(Data for the task)

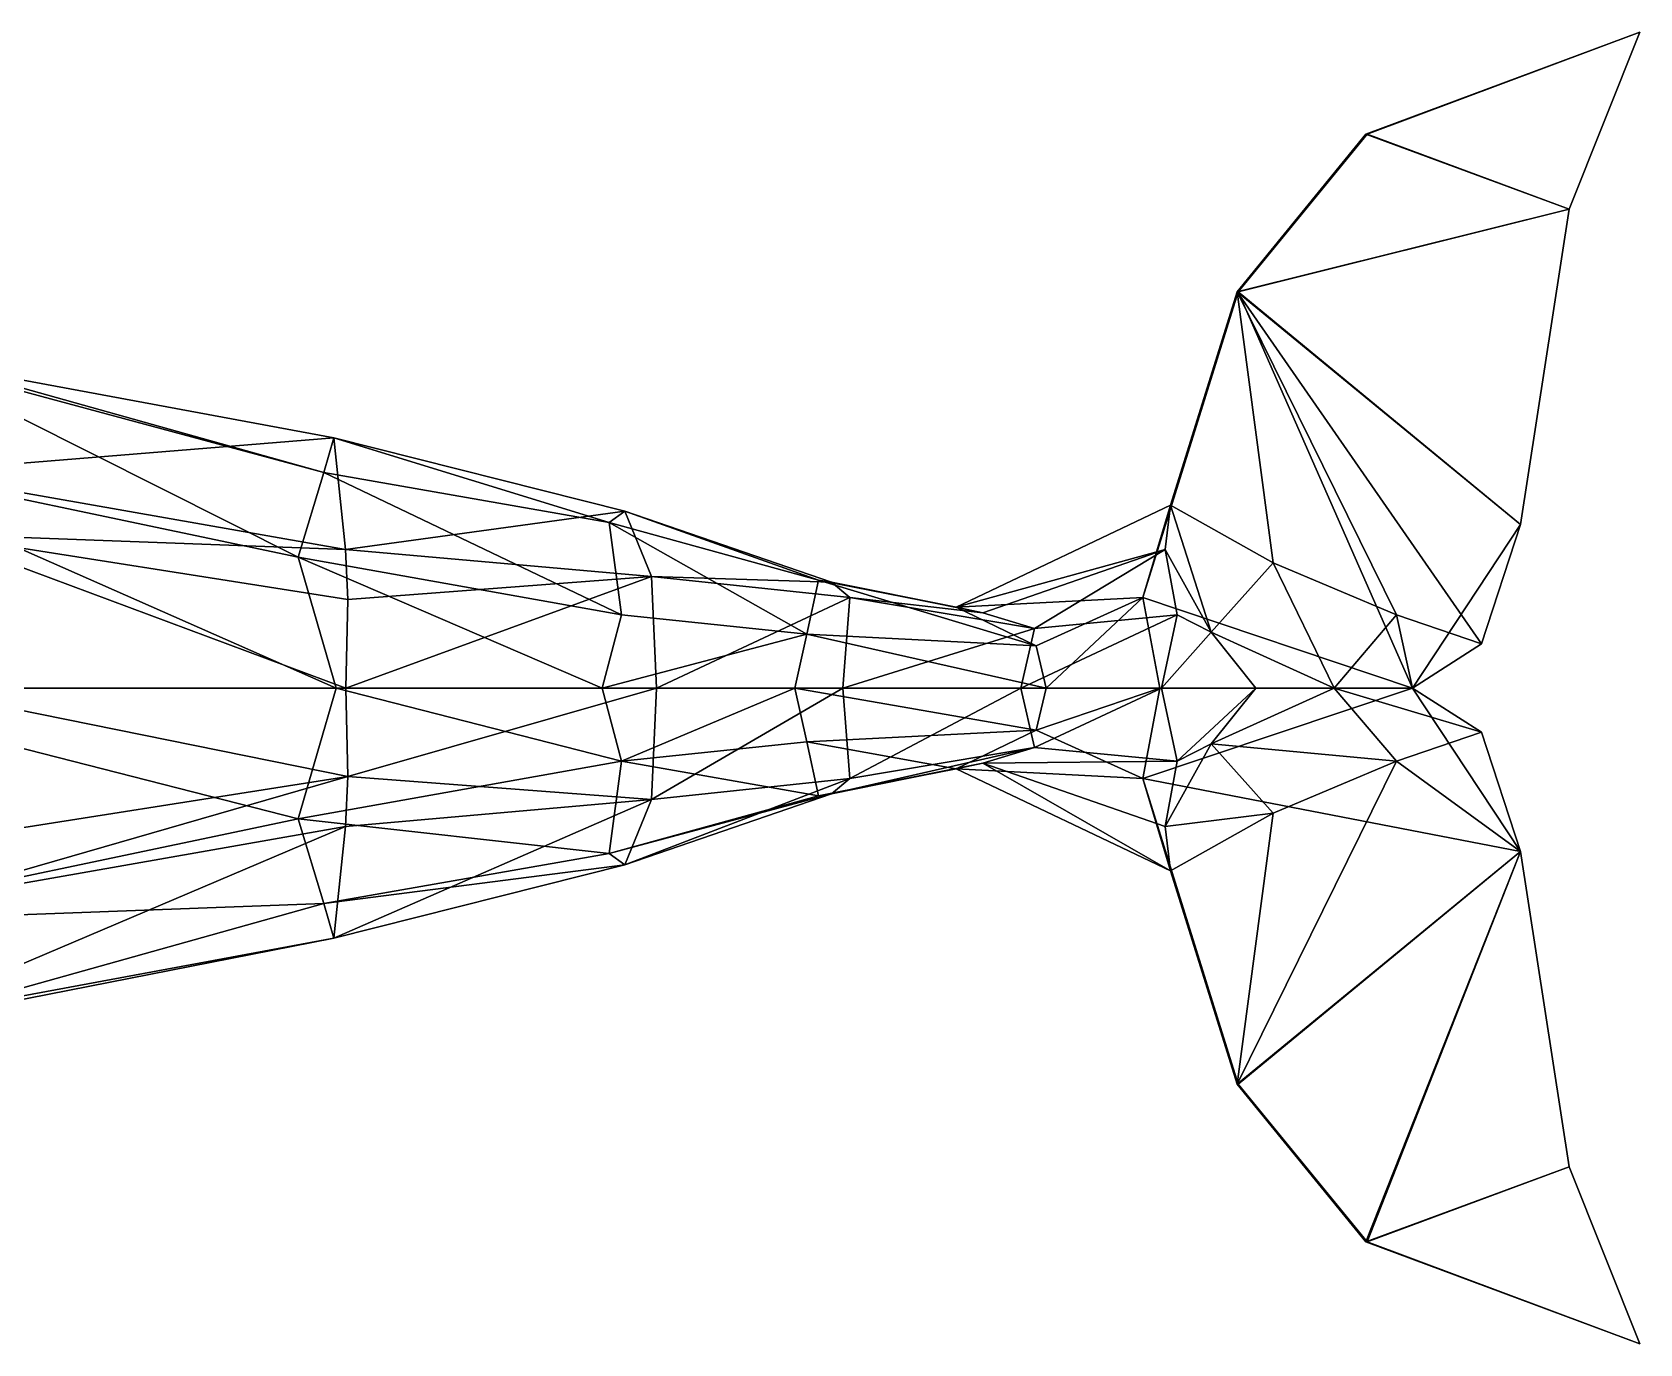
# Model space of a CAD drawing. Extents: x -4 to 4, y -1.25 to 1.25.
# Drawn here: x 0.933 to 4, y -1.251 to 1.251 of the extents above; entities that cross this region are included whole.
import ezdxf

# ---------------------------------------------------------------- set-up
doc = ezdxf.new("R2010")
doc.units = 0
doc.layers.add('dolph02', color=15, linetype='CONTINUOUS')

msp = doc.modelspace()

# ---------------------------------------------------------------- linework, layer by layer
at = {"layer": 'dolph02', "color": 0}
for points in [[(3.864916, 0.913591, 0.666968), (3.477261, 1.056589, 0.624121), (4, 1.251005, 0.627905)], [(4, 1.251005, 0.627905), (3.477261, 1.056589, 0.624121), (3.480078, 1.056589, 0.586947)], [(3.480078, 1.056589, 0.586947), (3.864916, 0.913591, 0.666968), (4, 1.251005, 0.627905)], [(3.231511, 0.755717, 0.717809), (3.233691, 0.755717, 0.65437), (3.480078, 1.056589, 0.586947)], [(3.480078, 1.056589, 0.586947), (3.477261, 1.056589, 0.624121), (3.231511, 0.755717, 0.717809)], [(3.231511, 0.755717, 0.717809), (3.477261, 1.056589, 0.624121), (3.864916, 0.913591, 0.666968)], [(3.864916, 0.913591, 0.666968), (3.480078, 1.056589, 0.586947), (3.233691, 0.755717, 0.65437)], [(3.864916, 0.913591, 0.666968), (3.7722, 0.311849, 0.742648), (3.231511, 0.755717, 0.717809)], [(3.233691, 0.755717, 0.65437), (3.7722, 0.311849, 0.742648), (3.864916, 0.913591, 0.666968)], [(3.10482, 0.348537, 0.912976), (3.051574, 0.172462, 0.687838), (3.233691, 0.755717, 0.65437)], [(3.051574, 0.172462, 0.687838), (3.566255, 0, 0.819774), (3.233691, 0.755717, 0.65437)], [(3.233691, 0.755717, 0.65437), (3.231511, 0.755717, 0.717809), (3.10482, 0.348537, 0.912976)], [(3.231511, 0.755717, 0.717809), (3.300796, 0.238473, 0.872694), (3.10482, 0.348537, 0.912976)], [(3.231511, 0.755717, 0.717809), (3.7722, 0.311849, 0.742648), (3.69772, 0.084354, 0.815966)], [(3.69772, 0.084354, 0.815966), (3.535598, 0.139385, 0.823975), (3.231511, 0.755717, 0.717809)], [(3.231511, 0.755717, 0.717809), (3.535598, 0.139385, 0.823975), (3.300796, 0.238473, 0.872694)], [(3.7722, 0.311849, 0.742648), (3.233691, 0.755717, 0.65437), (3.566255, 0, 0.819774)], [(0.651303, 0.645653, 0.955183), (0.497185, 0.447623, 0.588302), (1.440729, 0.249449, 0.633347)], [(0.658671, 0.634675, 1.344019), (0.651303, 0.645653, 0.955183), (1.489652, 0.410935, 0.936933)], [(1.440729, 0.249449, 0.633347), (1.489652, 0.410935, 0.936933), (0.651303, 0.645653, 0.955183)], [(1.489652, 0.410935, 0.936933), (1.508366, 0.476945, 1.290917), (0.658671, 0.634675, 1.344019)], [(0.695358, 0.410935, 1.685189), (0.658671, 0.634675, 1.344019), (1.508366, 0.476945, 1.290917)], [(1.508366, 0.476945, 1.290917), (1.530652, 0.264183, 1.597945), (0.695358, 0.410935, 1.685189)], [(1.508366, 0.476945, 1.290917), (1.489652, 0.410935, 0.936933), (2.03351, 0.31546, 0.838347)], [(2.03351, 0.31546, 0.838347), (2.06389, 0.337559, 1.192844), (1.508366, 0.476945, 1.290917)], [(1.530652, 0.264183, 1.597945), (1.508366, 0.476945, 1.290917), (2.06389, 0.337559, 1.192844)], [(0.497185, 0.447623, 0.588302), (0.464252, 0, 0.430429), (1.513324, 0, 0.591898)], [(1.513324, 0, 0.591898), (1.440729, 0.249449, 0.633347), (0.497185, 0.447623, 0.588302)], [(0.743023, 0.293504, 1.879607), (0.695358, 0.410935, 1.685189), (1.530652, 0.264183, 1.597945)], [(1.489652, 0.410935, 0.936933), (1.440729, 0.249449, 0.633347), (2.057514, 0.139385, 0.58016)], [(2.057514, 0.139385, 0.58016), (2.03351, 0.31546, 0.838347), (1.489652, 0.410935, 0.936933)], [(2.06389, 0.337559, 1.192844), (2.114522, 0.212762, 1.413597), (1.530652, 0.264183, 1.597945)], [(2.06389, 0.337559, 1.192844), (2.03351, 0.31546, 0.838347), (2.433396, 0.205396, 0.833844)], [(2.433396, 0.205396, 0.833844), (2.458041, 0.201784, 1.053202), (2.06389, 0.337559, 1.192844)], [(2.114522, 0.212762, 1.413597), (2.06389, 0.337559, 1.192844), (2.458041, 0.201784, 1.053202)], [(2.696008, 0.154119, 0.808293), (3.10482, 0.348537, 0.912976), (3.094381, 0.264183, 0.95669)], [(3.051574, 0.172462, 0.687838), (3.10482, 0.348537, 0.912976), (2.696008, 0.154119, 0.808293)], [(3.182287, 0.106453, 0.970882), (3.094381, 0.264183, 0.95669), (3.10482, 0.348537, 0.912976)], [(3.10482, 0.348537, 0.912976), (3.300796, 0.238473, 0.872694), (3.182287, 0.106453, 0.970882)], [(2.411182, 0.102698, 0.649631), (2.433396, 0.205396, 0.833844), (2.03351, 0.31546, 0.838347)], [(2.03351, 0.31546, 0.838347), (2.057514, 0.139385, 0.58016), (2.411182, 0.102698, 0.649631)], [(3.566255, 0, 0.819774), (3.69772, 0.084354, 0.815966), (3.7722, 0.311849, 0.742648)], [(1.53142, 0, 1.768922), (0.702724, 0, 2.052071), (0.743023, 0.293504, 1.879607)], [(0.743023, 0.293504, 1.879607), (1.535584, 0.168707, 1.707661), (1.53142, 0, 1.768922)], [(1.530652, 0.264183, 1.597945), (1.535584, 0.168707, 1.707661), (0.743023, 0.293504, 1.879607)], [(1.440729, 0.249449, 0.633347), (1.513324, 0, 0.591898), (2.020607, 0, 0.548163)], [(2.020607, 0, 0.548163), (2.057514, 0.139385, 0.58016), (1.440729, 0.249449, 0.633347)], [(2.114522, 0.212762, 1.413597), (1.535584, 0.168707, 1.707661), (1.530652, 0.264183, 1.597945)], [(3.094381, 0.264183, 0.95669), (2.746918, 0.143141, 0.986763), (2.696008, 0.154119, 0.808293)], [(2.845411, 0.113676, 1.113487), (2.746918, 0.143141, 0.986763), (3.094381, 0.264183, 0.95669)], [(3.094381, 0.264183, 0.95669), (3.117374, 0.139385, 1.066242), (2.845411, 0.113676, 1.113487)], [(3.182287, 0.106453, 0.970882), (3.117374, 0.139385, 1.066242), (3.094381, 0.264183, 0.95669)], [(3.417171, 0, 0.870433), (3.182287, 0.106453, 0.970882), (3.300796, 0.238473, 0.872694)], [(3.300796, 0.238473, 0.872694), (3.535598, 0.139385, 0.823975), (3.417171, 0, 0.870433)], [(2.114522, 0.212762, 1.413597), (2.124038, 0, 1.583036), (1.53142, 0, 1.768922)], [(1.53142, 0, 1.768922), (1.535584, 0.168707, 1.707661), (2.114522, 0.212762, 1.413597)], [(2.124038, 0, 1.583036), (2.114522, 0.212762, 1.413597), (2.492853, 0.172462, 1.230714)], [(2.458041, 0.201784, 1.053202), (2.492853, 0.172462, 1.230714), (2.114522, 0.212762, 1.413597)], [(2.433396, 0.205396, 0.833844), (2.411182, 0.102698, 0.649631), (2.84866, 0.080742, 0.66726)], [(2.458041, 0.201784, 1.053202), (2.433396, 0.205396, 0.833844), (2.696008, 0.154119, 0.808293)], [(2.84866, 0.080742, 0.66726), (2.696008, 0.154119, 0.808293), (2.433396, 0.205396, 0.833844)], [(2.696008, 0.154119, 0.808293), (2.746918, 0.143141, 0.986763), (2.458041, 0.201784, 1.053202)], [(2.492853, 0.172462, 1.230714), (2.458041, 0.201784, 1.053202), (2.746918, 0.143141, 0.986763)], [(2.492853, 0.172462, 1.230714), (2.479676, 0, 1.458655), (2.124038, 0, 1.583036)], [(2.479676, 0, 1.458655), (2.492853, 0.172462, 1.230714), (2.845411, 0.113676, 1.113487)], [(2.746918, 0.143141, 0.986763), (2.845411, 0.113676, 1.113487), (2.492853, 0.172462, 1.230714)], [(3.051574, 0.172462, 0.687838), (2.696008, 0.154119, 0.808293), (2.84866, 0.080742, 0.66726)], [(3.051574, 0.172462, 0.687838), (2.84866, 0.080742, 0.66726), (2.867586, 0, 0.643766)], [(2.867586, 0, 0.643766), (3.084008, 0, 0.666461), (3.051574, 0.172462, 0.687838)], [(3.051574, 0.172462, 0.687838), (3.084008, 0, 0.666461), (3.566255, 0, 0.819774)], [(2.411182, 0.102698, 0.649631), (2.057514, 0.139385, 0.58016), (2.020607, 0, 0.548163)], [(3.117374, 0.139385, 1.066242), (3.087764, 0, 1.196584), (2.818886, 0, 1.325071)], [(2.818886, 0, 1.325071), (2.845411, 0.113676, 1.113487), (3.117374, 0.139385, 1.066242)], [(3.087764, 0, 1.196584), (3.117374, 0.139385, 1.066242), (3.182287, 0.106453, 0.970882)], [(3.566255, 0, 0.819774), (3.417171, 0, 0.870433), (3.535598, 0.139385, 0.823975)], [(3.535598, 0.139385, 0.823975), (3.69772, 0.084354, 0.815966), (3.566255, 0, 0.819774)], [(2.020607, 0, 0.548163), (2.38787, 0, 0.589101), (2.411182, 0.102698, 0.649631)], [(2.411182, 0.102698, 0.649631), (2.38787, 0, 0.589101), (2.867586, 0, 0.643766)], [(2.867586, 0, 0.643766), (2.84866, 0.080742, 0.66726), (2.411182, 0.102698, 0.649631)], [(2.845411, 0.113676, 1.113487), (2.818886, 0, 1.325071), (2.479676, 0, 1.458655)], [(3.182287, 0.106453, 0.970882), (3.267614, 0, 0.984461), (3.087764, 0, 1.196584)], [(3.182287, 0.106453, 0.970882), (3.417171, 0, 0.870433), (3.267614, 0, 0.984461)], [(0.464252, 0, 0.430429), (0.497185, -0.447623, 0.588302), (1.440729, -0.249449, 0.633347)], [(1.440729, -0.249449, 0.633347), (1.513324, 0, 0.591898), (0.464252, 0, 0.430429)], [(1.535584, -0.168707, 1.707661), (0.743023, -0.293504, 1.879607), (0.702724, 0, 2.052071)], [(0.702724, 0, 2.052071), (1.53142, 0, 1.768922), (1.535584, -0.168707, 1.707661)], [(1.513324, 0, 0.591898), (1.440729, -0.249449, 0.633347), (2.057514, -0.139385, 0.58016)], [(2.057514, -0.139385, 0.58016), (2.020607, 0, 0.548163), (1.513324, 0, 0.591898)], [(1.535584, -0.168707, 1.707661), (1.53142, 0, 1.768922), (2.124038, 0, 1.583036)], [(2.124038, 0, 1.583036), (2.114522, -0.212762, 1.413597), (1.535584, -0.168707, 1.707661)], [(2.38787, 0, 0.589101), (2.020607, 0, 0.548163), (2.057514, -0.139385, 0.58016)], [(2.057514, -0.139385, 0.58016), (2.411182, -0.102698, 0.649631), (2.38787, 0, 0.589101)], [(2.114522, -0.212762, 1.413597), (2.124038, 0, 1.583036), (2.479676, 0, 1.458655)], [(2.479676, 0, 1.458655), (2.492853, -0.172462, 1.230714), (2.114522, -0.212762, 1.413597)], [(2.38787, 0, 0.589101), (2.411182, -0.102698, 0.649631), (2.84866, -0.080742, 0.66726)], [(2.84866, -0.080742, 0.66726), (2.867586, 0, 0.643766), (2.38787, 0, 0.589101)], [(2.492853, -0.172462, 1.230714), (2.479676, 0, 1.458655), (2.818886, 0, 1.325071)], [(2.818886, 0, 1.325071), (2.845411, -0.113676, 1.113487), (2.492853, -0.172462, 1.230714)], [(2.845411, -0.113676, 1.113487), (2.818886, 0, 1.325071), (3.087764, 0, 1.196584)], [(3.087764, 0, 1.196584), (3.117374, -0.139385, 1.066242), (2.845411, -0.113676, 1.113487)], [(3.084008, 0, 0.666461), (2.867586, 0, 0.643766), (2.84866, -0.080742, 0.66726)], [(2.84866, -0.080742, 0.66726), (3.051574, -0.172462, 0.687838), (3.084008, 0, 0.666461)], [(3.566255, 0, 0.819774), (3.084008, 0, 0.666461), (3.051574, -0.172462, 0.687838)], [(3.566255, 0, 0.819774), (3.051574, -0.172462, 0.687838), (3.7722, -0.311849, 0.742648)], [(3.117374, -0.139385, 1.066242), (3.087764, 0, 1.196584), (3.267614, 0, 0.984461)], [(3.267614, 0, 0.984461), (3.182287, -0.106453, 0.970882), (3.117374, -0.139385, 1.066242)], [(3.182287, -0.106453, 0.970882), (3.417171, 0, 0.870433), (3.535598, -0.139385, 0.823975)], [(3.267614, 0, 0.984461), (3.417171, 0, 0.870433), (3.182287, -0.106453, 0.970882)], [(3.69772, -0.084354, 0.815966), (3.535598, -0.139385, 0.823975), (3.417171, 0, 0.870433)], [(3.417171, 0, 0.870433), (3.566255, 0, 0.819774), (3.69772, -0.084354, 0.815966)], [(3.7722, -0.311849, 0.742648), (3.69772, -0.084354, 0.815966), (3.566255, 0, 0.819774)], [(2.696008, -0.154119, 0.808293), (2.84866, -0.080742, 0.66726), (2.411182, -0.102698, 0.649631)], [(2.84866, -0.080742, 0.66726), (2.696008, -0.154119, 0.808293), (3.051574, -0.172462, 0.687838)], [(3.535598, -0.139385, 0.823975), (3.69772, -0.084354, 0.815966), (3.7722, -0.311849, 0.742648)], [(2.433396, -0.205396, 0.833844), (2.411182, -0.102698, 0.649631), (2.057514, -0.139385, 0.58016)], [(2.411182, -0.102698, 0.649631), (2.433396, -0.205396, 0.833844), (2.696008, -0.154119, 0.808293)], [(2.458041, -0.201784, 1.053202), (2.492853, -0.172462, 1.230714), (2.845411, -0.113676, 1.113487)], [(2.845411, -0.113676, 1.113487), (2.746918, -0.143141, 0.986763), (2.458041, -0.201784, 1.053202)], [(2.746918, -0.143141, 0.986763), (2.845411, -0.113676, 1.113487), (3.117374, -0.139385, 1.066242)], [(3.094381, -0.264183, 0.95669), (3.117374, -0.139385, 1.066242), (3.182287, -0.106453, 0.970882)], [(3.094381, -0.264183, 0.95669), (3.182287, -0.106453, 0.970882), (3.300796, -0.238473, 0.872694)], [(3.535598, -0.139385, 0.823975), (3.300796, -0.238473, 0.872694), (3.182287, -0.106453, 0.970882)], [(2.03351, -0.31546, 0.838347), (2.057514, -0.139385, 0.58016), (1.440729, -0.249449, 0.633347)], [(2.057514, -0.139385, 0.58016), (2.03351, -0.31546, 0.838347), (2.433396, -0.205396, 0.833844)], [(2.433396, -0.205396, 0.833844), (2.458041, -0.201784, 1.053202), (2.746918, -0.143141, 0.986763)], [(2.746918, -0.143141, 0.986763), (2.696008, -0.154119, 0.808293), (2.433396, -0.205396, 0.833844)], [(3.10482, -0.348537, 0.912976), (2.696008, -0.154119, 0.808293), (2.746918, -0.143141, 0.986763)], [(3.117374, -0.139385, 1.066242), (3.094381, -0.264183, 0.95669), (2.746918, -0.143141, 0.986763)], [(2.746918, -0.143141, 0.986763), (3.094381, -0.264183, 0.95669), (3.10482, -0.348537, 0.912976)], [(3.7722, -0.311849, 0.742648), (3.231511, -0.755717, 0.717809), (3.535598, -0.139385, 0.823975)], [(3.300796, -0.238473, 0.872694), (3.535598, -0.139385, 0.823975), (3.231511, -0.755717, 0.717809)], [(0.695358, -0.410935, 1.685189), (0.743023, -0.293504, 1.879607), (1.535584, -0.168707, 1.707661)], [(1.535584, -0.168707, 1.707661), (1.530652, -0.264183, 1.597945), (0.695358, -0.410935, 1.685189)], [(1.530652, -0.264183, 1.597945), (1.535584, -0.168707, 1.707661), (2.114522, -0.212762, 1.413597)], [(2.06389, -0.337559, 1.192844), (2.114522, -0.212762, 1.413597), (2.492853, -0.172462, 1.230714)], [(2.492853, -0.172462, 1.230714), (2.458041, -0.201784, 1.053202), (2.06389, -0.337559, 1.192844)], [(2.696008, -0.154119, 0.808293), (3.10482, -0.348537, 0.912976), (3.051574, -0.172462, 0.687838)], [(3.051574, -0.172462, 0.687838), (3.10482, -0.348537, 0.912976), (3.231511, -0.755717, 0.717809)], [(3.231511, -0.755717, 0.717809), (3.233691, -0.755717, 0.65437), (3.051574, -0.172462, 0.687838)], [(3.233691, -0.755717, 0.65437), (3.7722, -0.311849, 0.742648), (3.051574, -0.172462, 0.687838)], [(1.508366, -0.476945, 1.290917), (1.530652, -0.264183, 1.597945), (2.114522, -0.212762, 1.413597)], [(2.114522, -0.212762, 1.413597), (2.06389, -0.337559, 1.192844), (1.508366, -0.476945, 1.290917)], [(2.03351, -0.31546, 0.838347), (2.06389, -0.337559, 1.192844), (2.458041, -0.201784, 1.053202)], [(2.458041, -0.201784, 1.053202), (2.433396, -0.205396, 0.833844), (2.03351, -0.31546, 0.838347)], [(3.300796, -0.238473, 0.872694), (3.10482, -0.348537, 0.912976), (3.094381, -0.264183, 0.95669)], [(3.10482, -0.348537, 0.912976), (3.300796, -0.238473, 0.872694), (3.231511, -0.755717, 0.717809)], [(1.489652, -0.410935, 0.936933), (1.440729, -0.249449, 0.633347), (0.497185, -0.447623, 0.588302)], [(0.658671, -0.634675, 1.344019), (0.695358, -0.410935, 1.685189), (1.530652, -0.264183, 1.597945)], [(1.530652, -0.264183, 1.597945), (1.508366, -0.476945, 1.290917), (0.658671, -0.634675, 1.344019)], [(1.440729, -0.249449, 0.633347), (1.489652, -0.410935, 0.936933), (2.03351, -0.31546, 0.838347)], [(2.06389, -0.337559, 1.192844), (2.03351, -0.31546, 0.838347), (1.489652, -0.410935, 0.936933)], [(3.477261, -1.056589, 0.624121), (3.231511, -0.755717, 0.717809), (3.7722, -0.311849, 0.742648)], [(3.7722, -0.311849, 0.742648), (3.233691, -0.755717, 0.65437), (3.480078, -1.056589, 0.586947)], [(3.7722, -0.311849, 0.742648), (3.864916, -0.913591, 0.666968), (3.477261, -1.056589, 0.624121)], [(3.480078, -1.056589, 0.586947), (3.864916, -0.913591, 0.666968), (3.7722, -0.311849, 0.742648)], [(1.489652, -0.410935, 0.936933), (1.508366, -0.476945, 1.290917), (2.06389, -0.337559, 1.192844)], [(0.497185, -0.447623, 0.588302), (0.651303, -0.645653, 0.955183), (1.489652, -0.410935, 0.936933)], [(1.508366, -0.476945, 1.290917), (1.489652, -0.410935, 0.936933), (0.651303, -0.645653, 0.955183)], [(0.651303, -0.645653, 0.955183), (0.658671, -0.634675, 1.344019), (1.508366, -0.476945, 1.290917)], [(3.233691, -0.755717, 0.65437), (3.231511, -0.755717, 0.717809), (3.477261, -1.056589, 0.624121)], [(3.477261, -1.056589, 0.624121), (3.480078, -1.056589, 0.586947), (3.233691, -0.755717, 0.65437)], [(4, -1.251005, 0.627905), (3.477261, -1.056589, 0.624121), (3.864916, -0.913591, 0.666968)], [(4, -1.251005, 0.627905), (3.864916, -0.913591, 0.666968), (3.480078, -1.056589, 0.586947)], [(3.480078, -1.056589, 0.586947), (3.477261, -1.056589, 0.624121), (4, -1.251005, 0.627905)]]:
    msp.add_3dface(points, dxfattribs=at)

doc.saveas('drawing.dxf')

(End Data for the task)

# What is required
The answer is the lines above, word for word, from the first one through the one containing "msp = doc.modelspace()"; it includes no pictures.

# Written response
# Model space of a CAD drawing. Extents: x -4 to 4, y -1.25 to 1.25.
# Drawn here: x 0.933 to 4, y -1.251 to 1.251 of the extents above; entities that cross this region are included whole.
import ezdxf

# ---------------------------------------------------------------- set-up
doc = ezdxf.new("R2010")
doc.units = 0
doc.layers.add('dolph02', color=15, linetype='CONTINUOUS')

msp = doc.modelspace()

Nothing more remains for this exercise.